REQUIREMENT: Restate the lines word for word, from the first line of the records through the line containing "#6=PRODUCT_DEFINITION_FORMATION('','',#4);". Leave out the pictures and anything after that line.

[Saved data entries]
§ §

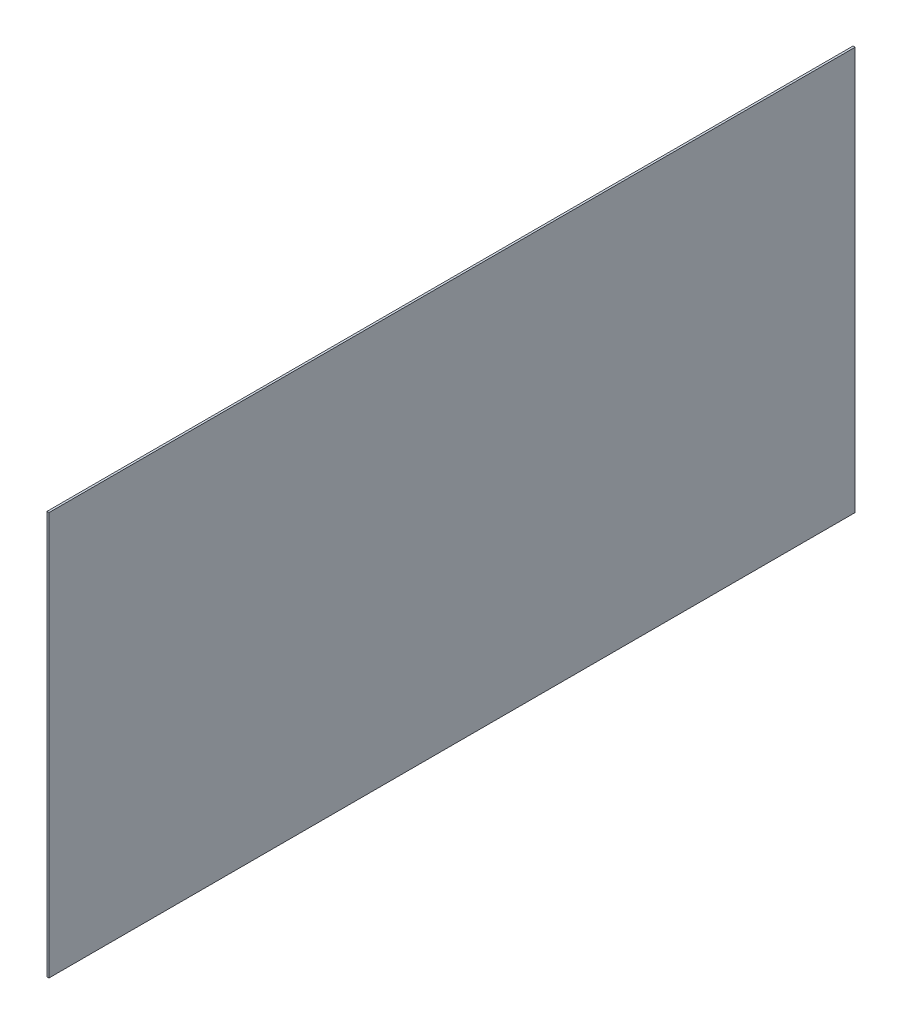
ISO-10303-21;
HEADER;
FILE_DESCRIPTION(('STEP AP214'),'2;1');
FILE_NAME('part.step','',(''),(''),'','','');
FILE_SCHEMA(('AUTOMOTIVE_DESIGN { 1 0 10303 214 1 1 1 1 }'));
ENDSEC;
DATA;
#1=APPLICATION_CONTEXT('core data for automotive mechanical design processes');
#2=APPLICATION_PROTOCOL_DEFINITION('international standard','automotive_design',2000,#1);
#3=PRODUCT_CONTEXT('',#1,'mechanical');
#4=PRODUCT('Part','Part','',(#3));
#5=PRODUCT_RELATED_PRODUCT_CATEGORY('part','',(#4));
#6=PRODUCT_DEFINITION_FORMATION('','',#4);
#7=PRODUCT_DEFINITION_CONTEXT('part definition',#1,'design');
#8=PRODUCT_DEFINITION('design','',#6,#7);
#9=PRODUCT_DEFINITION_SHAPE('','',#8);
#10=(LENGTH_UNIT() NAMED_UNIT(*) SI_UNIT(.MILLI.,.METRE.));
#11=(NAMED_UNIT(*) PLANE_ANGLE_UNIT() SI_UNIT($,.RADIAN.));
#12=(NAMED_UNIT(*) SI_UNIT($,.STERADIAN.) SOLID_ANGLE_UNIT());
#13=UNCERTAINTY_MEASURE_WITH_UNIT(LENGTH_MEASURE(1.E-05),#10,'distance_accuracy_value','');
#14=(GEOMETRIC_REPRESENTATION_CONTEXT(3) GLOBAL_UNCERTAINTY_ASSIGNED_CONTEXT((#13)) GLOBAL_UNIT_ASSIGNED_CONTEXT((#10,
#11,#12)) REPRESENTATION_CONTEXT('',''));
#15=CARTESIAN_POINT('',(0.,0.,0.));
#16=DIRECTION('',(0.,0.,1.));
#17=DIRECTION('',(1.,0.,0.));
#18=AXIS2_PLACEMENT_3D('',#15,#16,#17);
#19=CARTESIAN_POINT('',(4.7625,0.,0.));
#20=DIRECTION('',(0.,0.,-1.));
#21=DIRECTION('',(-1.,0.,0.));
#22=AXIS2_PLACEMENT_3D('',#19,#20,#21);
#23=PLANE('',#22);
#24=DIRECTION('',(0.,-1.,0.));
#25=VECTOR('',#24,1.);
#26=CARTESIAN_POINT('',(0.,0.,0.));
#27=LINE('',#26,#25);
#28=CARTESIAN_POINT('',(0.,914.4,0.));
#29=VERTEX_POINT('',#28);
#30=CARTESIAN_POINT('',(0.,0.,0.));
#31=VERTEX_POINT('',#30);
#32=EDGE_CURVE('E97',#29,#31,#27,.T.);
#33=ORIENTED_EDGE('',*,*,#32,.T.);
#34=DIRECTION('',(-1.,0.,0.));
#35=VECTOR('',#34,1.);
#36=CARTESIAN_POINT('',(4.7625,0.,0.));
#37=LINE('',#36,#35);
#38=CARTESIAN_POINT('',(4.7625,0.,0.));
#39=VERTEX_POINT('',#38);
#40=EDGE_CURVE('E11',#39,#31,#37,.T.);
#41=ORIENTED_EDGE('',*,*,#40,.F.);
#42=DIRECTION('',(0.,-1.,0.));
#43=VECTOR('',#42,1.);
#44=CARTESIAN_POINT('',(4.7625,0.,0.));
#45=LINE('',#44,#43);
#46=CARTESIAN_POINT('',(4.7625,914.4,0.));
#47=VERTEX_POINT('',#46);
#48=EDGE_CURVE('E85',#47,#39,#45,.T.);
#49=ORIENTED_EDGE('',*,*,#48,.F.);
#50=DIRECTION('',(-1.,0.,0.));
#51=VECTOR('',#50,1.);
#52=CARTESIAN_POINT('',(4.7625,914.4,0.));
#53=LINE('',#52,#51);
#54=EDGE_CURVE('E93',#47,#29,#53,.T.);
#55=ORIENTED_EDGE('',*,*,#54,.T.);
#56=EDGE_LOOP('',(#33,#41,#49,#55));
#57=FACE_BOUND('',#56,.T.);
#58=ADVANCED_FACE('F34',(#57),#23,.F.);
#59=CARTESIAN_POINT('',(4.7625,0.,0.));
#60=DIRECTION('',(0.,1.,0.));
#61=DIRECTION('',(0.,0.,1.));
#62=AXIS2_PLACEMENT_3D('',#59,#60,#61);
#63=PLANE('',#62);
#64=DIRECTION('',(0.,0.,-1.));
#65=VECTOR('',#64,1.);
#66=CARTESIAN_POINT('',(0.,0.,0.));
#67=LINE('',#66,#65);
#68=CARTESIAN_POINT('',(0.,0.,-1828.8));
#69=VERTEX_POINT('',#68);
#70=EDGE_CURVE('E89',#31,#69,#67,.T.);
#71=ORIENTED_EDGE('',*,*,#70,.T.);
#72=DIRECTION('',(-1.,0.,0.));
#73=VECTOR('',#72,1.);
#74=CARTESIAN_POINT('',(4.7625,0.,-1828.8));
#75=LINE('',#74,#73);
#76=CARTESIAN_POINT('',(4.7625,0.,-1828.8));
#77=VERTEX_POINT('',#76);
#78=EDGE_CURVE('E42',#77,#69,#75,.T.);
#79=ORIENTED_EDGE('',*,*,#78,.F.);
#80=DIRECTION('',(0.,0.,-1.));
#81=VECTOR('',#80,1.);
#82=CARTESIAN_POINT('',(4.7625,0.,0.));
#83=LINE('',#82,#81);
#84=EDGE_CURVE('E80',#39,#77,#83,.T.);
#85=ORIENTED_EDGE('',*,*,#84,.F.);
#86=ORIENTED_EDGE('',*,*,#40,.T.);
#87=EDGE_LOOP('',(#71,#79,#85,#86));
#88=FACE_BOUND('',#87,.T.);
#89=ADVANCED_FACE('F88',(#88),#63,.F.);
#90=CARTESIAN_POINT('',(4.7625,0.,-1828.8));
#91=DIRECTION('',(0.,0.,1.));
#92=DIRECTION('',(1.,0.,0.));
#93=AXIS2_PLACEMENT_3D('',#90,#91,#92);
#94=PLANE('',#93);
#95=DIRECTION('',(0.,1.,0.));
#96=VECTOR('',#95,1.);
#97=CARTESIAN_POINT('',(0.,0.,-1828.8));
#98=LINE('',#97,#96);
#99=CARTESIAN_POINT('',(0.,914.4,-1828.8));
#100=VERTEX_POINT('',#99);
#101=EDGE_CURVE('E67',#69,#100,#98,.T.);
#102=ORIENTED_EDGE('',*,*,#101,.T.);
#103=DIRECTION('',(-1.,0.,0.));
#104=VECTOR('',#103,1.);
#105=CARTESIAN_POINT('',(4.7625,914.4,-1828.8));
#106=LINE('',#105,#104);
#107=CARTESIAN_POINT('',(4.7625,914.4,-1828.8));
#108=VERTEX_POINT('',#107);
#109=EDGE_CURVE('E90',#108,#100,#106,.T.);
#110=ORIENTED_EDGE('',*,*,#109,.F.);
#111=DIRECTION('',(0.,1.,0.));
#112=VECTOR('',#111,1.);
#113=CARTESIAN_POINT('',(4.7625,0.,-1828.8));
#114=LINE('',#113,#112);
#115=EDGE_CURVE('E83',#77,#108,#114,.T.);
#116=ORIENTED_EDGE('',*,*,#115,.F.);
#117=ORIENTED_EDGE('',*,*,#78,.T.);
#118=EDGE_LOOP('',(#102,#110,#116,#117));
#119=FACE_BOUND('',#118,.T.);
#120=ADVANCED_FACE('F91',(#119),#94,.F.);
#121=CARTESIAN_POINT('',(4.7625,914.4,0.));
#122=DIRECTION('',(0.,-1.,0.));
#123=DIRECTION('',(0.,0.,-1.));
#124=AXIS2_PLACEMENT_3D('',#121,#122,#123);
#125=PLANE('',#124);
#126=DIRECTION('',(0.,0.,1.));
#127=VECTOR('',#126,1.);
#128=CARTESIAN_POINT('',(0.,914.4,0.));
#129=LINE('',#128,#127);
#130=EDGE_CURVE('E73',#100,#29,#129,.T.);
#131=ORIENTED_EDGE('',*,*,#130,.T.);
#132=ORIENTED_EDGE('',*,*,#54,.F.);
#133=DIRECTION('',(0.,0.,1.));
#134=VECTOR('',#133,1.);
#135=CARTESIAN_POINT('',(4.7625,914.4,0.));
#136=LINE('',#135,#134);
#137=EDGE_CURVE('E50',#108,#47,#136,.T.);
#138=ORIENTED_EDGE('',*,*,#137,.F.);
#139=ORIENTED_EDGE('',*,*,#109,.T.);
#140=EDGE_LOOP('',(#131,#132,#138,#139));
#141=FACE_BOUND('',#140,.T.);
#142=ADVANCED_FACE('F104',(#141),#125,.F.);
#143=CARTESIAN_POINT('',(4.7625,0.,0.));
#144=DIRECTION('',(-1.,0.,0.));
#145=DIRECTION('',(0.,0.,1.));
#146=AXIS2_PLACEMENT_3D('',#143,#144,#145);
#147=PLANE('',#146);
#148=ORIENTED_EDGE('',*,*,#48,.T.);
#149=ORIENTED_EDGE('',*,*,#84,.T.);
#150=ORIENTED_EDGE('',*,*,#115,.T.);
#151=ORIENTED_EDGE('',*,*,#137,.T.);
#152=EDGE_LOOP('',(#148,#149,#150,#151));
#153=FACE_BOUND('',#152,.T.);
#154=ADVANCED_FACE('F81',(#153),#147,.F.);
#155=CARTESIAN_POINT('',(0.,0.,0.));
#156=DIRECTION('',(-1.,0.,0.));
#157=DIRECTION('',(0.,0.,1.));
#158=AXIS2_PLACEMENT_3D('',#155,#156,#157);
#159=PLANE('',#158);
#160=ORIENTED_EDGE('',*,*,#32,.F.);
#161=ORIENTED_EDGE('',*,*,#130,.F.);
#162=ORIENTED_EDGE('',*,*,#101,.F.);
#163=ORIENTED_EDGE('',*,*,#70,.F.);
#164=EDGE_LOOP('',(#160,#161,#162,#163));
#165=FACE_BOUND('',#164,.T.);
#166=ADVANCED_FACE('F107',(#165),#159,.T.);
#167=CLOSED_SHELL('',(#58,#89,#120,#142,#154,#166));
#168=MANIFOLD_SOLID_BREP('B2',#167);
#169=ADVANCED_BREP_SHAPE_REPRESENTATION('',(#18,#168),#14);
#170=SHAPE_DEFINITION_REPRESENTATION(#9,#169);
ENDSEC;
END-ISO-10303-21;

§ §

EXERCISE RESPONSE:
ISO-10303-21;
HEADER;
FILE_DESCRIPTION(('STEP AP214'),'2;1');
FILE_NAME('part.step','',(''),(''),'','','');
FILE_SCHEMA(('AUTOMOTIVE_DESIGN { 1 0 10303 214 1 1 1 1 }'));
ENDSEC;
DATA;
#1=APPLICATION_CONTEXT('core data for automotive mechanical design processes');
#2=APPLICATION_PROTOCOL_DEFINITION('international standard','automotive_design',2000,#1);
#3=PRODUCT_CONTEXT('',#1,'mechanical');
#4=PRODUCT('Part','Part','',(#3));
#5=PRODUCT_RELATED_PRODUCT_CATEGORY('part','',(#4));
#6=PRODUCT_DEFINITION_FORMATION('','',#4);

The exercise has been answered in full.